Genoma is available, on its downloads page, as an archive called genoma-alignment-service-2.3.1.zip. To execute Genoma as a VocBench 3 service, it is sufficient to unpack the archive and execute either start.bat or start.sh, depending on whether the host operating system is Windows or a UNIX system.
Once launched, Genoma will be listening on address http://localhost:7575. Opening this address in the browser should load an interactive documentation (based on Swagger UI), as in the following picture.
NAISC
NAISC is an automated linking tool developed at the Insight Centre for Data Analytics. 'Naisc' means 'links' in Irish and is pronounced 'nashk'.
NAISC has its own REST API, which is being extended with further endpoints complying with our API specification.
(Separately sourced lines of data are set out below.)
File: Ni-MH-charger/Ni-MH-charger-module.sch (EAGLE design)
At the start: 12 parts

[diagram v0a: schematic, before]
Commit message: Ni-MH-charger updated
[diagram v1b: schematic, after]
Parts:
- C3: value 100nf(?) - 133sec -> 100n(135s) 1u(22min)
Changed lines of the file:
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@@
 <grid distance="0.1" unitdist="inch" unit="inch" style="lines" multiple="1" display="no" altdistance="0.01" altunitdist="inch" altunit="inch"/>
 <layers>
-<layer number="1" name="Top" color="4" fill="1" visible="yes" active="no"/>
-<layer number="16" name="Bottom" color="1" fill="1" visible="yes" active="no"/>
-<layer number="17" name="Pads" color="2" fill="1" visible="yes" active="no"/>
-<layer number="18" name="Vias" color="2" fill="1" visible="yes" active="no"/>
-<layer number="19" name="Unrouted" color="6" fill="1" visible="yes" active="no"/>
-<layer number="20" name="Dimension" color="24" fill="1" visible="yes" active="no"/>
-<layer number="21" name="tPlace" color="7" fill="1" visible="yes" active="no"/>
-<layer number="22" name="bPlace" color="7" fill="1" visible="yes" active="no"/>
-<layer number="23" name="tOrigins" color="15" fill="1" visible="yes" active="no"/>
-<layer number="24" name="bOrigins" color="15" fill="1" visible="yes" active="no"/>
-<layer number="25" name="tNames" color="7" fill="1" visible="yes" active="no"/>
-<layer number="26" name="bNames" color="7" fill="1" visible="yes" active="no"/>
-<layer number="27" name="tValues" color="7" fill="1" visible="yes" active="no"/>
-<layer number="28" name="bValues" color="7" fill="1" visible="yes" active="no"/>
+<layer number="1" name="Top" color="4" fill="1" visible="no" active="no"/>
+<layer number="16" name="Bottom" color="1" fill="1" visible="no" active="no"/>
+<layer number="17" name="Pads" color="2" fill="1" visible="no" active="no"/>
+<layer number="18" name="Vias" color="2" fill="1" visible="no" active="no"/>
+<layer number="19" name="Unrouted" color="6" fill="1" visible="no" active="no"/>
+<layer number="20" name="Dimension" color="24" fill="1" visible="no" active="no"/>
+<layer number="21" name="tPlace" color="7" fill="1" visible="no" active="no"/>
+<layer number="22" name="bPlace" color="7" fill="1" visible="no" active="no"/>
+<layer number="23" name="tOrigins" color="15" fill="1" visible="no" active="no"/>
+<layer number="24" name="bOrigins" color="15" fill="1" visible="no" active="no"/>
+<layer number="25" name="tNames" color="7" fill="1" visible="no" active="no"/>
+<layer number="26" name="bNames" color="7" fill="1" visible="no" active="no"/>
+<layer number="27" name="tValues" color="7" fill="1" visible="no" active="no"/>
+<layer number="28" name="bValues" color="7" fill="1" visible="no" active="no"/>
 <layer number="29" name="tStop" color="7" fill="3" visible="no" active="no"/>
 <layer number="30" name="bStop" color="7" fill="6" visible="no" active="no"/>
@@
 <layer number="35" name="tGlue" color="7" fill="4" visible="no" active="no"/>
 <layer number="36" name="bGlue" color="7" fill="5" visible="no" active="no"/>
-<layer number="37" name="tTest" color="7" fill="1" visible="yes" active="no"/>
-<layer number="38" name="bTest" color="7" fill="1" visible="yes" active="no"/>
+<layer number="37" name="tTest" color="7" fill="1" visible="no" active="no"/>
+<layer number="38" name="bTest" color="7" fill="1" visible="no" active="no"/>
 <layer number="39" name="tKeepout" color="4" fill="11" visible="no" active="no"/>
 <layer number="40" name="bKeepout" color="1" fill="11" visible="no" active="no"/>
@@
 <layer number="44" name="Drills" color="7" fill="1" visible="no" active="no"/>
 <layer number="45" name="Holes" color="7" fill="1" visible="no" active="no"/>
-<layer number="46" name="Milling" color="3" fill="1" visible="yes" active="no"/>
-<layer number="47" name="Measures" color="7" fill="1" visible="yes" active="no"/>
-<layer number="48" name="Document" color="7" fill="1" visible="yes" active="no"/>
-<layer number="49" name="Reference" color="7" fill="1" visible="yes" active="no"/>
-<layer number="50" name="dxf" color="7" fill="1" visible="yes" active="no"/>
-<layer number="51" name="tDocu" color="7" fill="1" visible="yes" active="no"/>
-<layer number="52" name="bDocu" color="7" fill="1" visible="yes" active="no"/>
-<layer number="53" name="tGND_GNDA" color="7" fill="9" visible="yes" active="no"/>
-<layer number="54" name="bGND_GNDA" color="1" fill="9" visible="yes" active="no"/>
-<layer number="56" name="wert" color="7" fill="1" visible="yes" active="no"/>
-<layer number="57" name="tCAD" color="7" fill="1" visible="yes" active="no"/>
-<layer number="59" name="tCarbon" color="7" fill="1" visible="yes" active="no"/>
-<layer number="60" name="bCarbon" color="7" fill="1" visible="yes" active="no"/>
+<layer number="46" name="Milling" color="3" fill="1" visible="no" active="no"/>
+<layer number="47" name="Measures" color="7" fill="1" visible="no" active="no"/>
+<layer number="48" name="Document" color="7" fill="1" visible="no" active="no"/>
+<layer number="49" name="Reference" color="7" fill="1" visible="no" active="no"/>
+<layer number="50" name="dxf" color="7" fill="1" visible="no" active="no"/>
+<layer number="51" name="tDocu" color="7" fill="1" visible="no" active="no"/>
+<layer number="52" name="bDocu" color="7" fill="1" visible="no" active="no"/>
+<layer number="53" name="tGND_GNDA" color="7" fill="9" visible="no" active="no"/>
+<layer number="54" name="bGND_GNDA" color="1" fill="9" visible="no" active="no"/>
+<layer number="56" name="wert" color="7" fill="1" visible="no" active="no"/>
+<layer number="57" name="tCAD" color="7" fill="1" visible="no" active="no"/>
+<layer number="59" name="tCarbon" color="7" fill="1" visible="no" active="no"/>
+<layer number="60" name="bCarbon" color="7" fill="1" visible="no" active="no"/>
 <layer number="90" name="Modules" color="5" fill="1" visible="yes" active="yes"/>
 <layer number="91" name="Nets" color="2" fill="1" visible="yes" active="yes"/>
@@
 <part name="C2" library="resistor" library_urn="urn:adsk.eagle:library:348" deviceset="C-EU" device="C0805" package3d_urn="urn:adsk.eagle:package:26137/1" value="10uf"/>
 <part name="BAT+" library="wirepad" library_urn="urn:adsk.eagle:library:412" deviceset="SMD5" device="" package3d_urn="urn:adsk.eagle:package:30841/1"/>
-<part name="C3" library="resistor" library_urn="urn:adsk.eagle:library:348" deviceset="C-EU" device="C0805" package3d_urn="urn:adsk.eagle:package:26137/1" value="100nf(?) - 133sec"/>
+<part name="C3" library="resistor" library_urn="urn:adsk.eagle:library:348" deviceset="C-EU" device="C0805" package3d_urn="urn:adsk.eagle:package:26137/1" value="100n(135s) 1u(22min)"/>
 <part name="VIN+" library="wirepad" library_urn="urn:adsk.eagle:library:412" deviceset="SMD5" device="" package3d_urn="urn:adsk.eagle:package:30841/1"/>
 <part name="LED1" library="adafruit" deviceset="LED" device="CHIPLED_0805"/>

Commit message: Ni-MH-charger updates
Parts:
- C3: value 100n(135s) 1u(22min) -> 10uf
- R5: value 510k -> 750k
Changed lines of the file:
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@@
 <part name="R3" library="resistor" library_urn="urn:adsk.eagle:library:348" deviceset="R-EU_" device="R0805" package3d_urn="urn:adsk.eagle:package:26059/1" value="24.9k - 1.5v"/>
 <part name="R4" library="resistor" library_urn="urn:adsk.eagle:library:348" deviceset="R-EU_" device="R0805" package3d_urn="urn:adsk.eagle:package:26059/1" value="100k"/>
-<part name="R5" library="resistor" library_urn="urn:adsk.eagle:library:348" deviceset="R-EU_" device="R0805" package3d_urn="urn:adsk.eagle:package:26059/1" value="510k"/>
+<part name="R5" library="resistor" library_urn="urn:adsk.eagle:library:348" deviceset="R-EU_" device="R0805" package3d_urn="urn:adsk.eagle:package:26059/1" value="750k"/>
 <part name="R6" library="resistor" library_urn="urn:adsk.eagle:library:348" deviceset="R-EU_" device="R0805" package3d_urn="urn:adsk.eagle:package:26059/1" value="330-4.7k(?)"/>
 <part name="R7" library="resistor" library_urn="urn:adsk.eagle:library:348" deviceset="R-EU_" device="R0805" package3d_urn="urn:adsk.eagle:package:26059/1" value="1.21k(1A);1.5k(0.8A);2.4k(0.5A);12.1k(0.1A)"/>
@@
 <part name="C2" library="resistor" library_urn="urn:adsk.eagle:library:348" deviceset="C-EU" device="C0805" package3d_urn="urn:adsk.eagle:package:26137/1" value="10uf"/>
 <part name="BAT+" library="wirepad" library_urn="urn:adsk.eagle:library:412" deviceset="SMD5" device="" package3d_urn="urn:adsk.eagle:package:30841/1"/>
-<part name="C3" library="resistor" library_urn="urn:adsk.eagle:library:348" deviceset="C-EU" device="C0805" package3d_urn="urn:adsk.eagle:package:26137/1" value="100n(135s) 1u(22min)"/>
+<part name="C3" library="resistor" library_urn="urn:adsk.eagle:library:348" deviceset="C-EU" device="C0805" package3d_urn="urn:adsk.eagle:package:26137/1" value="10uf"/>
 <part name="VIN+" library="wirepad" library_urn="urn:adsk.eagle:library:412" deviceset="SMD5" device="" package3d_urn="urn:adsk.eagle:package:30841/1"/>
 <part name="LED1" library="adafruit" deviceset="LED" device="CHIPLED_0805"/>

This support is currently available on the dev branch.
To launch NAISC as a VocBench 3 service, it is necessary to:
- download the dev branch
- on Windows, inside the folder naisc-rest:
- replace the file models (which is intended to be a symbolic link) with an empty directory
- replace the file configs (which is intended to be a symbolic link) with a copy of the homonym directory in the root of the projects sources
- execute either gradlew.bat (on Windows) or gradlew (on a unix-like system)
- armed with patience, wait until Naisc has downloaded its models
When running, Naisc listens for request at this address http://localhost:8080/naisc-rest/maple. Opening this address in the browser should return metadata about the service as a JSON object.
Alignment Bootstrap
The Alignment Bootstrap is a set of services currently hosted on the ST Remote Service Compendium (ST-RSC), which exploits alignment chains (see previous section) to generate alignments between datasets bridged by alignments to a third one.
Once the ST-RSC service has been activated, the Alignment Bootstrap services will be listening on address http://localhost:7576/st-rsc/align (the standard url/port can be changed by modifying the startup script), so this is the URL to be used when connecting VB to the ST-RSC server.
ST-RSC's services are described in a YAML file, the model of which is based on OpenAPI 3.0.1. Note that the ST Remote Service Compendium offers other services, such as the Skos Diffing.